Après l'ingestion, l'arsenic inorganique se retrouve rapidement dans la circulation sanguine, où il se fixe principalement à l'hémoglobine (Axelson, 1980). Dans les 24 heures qui suivent, il se retrouve principalement dans le foie, les reins, les poumons, la rate et la peau (Wickström, 1972). Il s'accumule surtout dans la peau, les os et les muscles. L'accumulation d'arsenic dans la peau est probablement liée à l'abondance des protéines renfermant des groupes sulfhydryles, avec lesquels l'arsenic réagit facilement (Fowler et coll., 1979). Chez les êtres humains, l'arsenic inorganique ne semble pas traverser la barrière hémato-encéphalique. On signale toutefois qu'il y a transfert transplacentaire chez les humains (Gibson et Gage, 1982) et la souris (Hood et coll., 1987).
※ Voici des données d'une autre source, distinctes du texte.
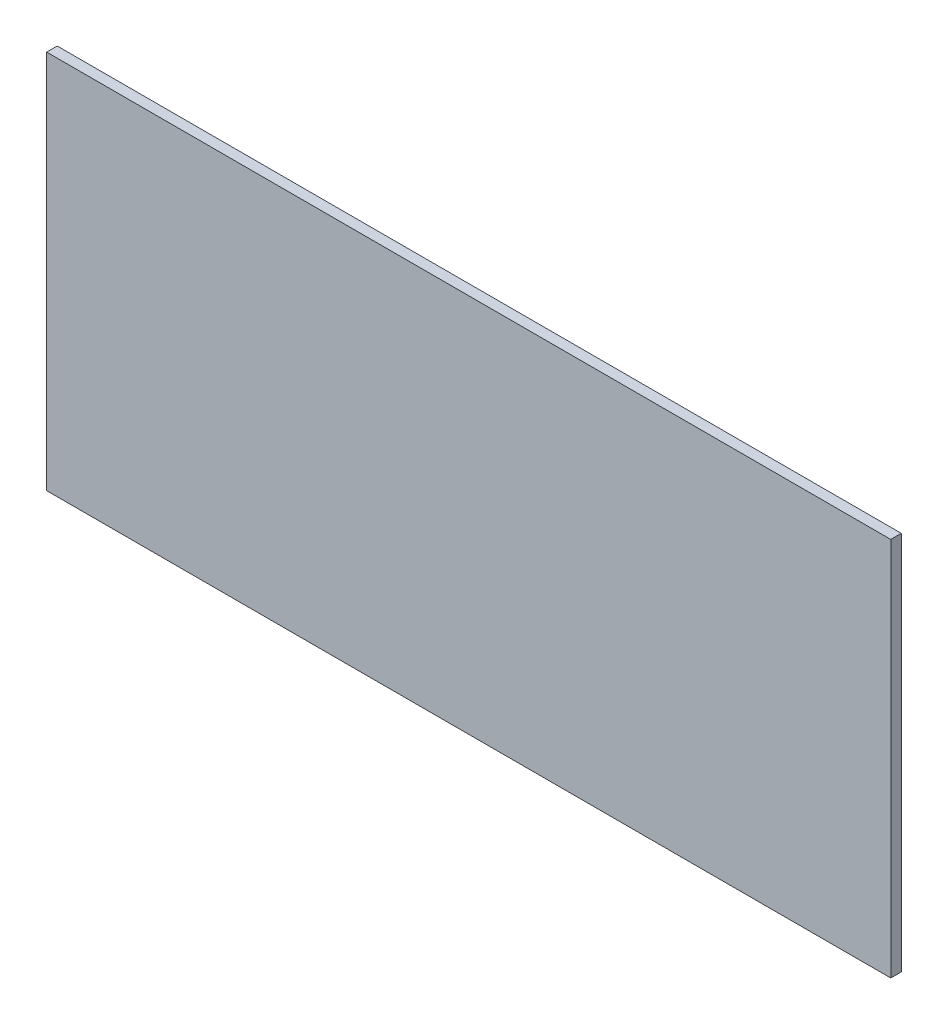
ISO-10303-21;
HEADER;
FILE_DESCRIPTION(('STEP AP214'),'2;1');
FILE_NAME('part.step','',(''),(''),'','','');
FILE_SCHEMA(('AUTOMOTIVE_DESIGN { 1 0 10303 214 1 1 1 1 }'));
ENDSEC;
DATA;
#1=APPLICATION_CONTEXT('core data for automotive mechanical design processes');
#2=APPLICATION_PROTOCOL_DEFINITION('international standard','automotive_design',2000,#1);
#3=PRODUCT_CONTEXT('',#1,'mechanical');
#4=PRODUCT('Part','Part','',(#3));
#5=PRODUCT_RELATED_PRODUCT_CATEGORY('part','',(#4));
#6=PRODUCT_DEFINITION_FORMATION('','',#4);
#7=PRODUCT_DEFINITION_CONTEXT('part definition',#1,'design');
#8=PRODUCT_DEFINITION('design','',#6,#7);
#9=PRODUCT_DEFINITION_SHAPE('','',#8);
#10=(LENGTH_UNIT() NAMED_UNIT(*) SI_UNIT(.MILLI.,.METRE.));
#11=(NAMED_UNIT(*) PLANE_ANGLE_UNIT() SI_UNIT($,.RADIAN.));
#12=(NAMED_UNIT(*) SI_UNIT($,.STERADIAN.) SOLID_ANGLE_UNIT());
#13=UNCERTAINTY_MEASURE_WITH_UNIT(LENGTH_MEASURE(1.E-05),#10,'distance_accuracy_value','');
#14=(GEOMETRIC_REPRESENTATION_CONTEXT(3) GLOBAL_UNCERTAINTY_ASSIGNED_CONTEXT((#13)) GLOBAL_UNIT_ASSIGNED_CONTEXT((#10,
#11,#12)) REPRESENTATION_CONTEXT('',''));
#15=CARTESIAN_POINT('',(0.,0.,0.));
#16=DIRECTION('',(0.,0.,1.));
#17=DIRECTION('',(1.,0.,0.));
#18=AXIS2_PLACEMENT_3D('',#15,#16,#17);
#19=CARTESIAN_POINT('',(0.,0.,3.175));
#20=DIRECTION('',(1.,0.,0.));
#21=DIRECTION('',(0.,0.,-1.));
#22=AXIS2_PLACEMENT_3D('',#19,#20,#21);
#23=PLANE('',#22);
#24=DIRECTION('',(0.,-1.,0.));
#25=VECTOR('',#24,1.);
#26=CARTESIAN_POINT('',(0.,0.,0.));
#27=LINE('',#26,#25);
#28=CARTESIAN_POINT('',(0.,114.3,0.));
#29=VERTEX_POINT('',#28);
#30=CARTESIAN_POINT('',(0.,0.,0.));
#31=VERTEX_POINT('',#30);
#32=EDGE_CURVE('E95',#29,#31,#27,.T.);
#33=ORIENTED_EDGE('',*,*,#32,.T.);
#34=DIRECTION('',(0.,0.,-1.));
#35=VECTOR('',#34,1.);
#36=CARTESIAN_POINT('',(0.,0.,3.175));
#37=LINE('',#36,#35);
#38=CARTESIAN_POINT('',(0.,0.,3.175));
#39=VERTEX_POINT('',#38);
#40=EDGE_CURVE('E11',#39,#31,#37,.T.);
#41=ORIENTED_EDGE('',*,*,#40,.F.);
#42=DIRECTION('',(0.,-1.,0.));
#43=VECTOR('',#42,1.);
#44=CARTESIAN_POINT('',(0.,0.,3.175));
#45=LINE('',#44,#43);
#46=CARTESIAN_POINT('',(0.,114.3,3.175));
#47=VERTEX_POINT('',#46);
#48=EDGE_CURVE('E83',#47,#39,#45,.T.);
#49=ORIENTED_EDGE('',*,*,#48,.F.);
#50=DIRECTION('',(0.,0.,-1.));
#51=VECTOR('',#50,1.);
#52=CARTESIAN_POINT('',(0.,114.3,3.175));
#53=LINE('',#52,#51);
#54=EDGE_CURVE('E91',#47,#29,#53,.T.);
#55=ORIENTED_EDGE('',*,*,#54,.T.);
#56=EDGE_LOOP('',(#33,#41,#49,#55));
#57=FACE_BOUND('',#56,.T.);
#58=ADVANCED_FACE('F32',(#57),#23,.F.);
#59=CARTESIAN_POINT('',(0.,0.,3.175));
#60=DIRECTION('',(0.,1.,0.));
#61=DIRECTION('',(0.,0.,1.));
#62=AXIS2_PLACEMENT_3D('',#59,#60,#61);
#63=PLANE('',#62);
#64=DIRECTION('',(1.,0.,0.));
#65=VECTOR('',#64,1.);
#66=CARTESIAN_POINT('',(0.,0.,0.));
#67=LINE('',#66,#65);
#68=CARTESIAN_POINT('',(254.,0.,0.));
#69=VERTEX_POINT('',#68);
#70=EDGE_CURVE('E87',#31,#69,#67,.T.);
#71=ORIENTED_EDGE('',*,*,#70,.T.);
#72=DIRECTION('',(0.,0.,-1.));
#73=VECTOR('',#72,1.);
#74=CARTESIAN_POINT('',(254.,0.,3.175));
#75=LINE('',#74,#73);
#76=CARTESIAN_POINT('',(254.,0.,3.175));
#77=VERTEX_POINT('',#76);
#78=EDGE_CURVE('E40',#77,#69,#75,.T.);
#79=ORIENTED_EDGE('',*,*,#78,.F.);
#80=DIRECTION('',(1.,0.,0.));
#81=VECTOR('',#80,1.);
#82=CARTESIAN_POINT('',(0.,0.,3.175));
#83=LINE('',#82,#81);
#84=EDGE_CURVE('E78',#39,#77,#83,.T.);
#85=ORIENTED_EDGE('',*,*,#84,.F.);
#86=ORIENTED_EDGE('',*,*,#40,.T.);
#87=EDGE_LOOP('',(#71,#79,#85,#86));
#88=FACE_BOUND('',#87,.T.);
#89=ADVANCED_FACE('F86',(#88),#63,.F.);
#90=CARTESIAN_POINT('',(254.,0.,3.175));
#91=DIRECTION('',(-1.,0.,0.));
#92=DIRECTION('',(0.,0.,1.));
#93=AXIS2_PLACEMENT_3D('',#90,#91,#92);
#94=PLANE('',#93);
#95=DIRECTION('',(0.,1.,0.));
#96=VECTOR('',#95,1.);
#97=CARTESIAN_POINT('',(254.,0.,0.));
#98=LINE('',#97,#96);
#99=CARTESIAN_POINT('',(254.,114.3,0.));
#100=VERTEX_POINT('',#99);
#101=EDGE_CURVE('E65',#69,#100,#98,.T.);
#102=ORIENTED_EDGE('',*,*,#101,.T.);
#103=DIRECTION('',(0.,0.,-1.));
#104=VECTOR('',#103,1.);
#105=CARTESIAN_POINT('',(254.,114.3,3.175));
#106=LINE('',#105,#104);
#107=CARTESIAN_POINT('',(254.,114.3,3.175));
#108=VERTEX_POINT('',#107);
#109=EDGE_CURVE('E88',#108,#100,#106,.T.);
#110=ORIENTED_EDGE('',*,*,#109,.F.);
#111=DIRECTION('',(0.,1.,0.));
#112=VECTOR('',#111,1.);
#113=CARTESIAN_POINT('',(254.,0.,3.175));
#114=LINE('',#113,#112);
#115=EDGE_CURVE('E81',#77,#108,#114,.T.);
#116=ORIENTED_EDGE('',*,*,#115,.F.);
#117=ORIENTED_EDGE('',*,*,#78,.T.);
#118=EDGE_LOOP('',(#102,#110,#116,#117));
#119=FACE_BOUND('',#118,.T.);
#120=ADVANCED_FACE('F89',(#119),#94,.F.);
#121=CARTESIAN_POINT('',(0.,114.3,3.175));
#122=DIRECTION('',(0.,-1.,0.));
#123=DIRECTION('',(0.,0.,-1.));
#124=AXIS2_PLACEMENT_3D('',#121,#122,#123);
#125=PLANE('',#124);
#126=DIRECTION('',(-1.,0.,0.));
#127=VECTOR('',#126,1.);
#128=CARTESIAN_POINT('',(0.,114.3,0.));
#129=LINE('',#128,#127);
#130=EDGE_CURVE('E71',#100,#29,#129,.T.);
#131=ORIENTED_EDGE('',*,*,#130,.T.);
#132=ORIENTED_EDGE('',*,*,#54,.F.);
#133=DIRECTION('',(-1.,0.,0.));
#134=VECTOR('',#133,1.);
#135=CARTESIAN_POINT('',(0.,114.3,3.175));
#136=LINE('',#135,#134);
#137=EDGE_CURVE('E48',#108,#47,#136,.T.);
#138=ORIENTED_EDGE('',*,*,#137,.F.);
#139=ORIENTED_EDGE('',*,*,#109,.T.);
#140=EDGE_LOOP('',(#131,#132,#138,#139));
#141=FACE_BOUND('',#140,.T.);
#142=ADVANCED_FACE('F102',(#141),#125,.F.);
#143=CARTESIAN_POINT('',(0.,0.,3.175));
#144=DIRECTION('',(0.,0.,-1.));
#145=DIRECTION('',(-1.,0.,0.));
#146=AXIS2_PLACEMENT_3D('',#143,#144,#145);
#147=PLANE('',#146);
#148=ORIENTED_EDGE('',*,*,#48,.T.);
#149=ORIENTED_EDGE('',*,*,#84,.T.);
#150=ORIENTED_EDGE('',*,*,#115,.T.);
#151=ORIENTED_EDGE('',*,*,#137,.T.);
#152=EDGE_LOOP('',(#148,#149,#150,#151));
#153=FACE_BOUND('',#152,.T.);
#154=ADVANCED_FACE('F79',(#153),#147,.F.);
#155=CARTESIAN_POINT('',(0.,0.,0.));
#156=DIRECTION('',(0.,0.,-1.));
#157=DIRECTION('',(-1.,0.,0.));
#158=AXIS2_PLACEMENT_3D('',#155,#156,#157);
#159=PLANE('',#158);
#160=ORIENTED_EDGE('',*,*,#32,.F.);
#161=ORIENTED_EDGE('',*,*,#130,.F.);
#162=ORIENTED_EDGE('',*,*,#101,.F.);
#163=ORIENTED_EDGE('',*,*,#70,.F.);
#164=EDGE_LOOP('',(#160,#161,#162,#163));
#165=FACE_BOUND('',#164,.T.);
#166=ADVANCED_FACE('F105',(#165),#159,.T.);
#167=CLOSED_SHELL('',(#58,#89,#120,#142,#154,#166));
#168=MANIFOLD_SOLID_BREP('B2',#167);
#169=ADVANCED_BREP_SHAPE_REPRESENTATION('',(#18,#168),#14);
#170=SHAPE_DEFINITION_REPRESENTATION(#9,#169);
ENDSEC;
END-ISO-10303-21;

On a avancé des explications concernant les voies de conversion d'une forme d'arsenic en une autre (NRC des États-Unis, 2001). On croit que la méthylation de l'arsenic inorganique se produit après réduction de l'arsenic pentavalent en arsenic trivalent et que la méthylation de cette forme trivalente de l'arsenic découle ensuite de l'addition oxydante d'un groupe méthyle provenant de la S-adénosylméthionine par méthyltransférase. La réduction séquentielle et la méthylation des composés de l'arsenic produisent de l'acide monométhylarsonique (AMMAV) et de l'acide diméthylarsinique (ADMAV) pentavalents, ainsi que de l'acide monométhylarsineux (AMMAIII) et de l'acide diméthylarsineux (ADMAIII) trivalents (NRC des États-Unis, 2001).

Il semble exister, pour l'élimination de l'arsenic trivalent (As(III)) ingéré, deux procédés principaux qui se déroulent à des vitesses différentes (Lowell et Farmer, 1985). Le premier est celui de l'excrétion par voie urinaire rapide de l'arsenic inorganique sous les formes trivalente et pentavalente (près de 90 % de la totalité de l'arsenic excrété par voie urinaire pendant les douze premières heures). Le second est celui de la méthylation séquentielle de l'As(III) dans le foie sous les formes organiques AMMAIII, ADMAIII, AMMAV et ADMAV (Buchet et Lauwerys, 1985; Lovell et Farmer, 1985). L'excrétion des composés méthylés commence environ cinq heures après l'ingestion, mais elle atteint son niveau maximal deux ou trois jours plus tard. Parmi les voies d'élimination moins importantes de l'arsenic inorganique, mentionnons la peau, les cheveux, les ongles et la sueur (CIPR, 1975; Kurttio et coll., 1999). Chez les êtres humains, on estime que la demi-vie de l'arsenic inorganique se situe entre deux et quarante jours (Pomroy et coll., 1980).

Les résultats d'une étude au cours de laquelle on a administré de l'arsenic inorganique (125, 250, 500 ou 1 000 µg NaAsO2) par voie orale une fois par jour pendant cinq jours consécutifs à quatre volontaires indiquent que la capacité de méthylation de l'arsenic est saturée progressivement lorsque l'apport quotidien dépasse 0,5 mg (Buchet et coll., 1981a). Il ne semble toutefois pas entièrement saturé même lorsque les doses quotidiennes atteignent 1 mg. Les études réalisées sur des volontaires humains indiquent que la majeure partie de l'arsenic organique ingéré est excrétée rapidement et demeure inchangée (>80 % de la dose dans les quatre jours) (Buchet et coll., 1981b; Luten et coll., 1982; Tam et coll., 1982).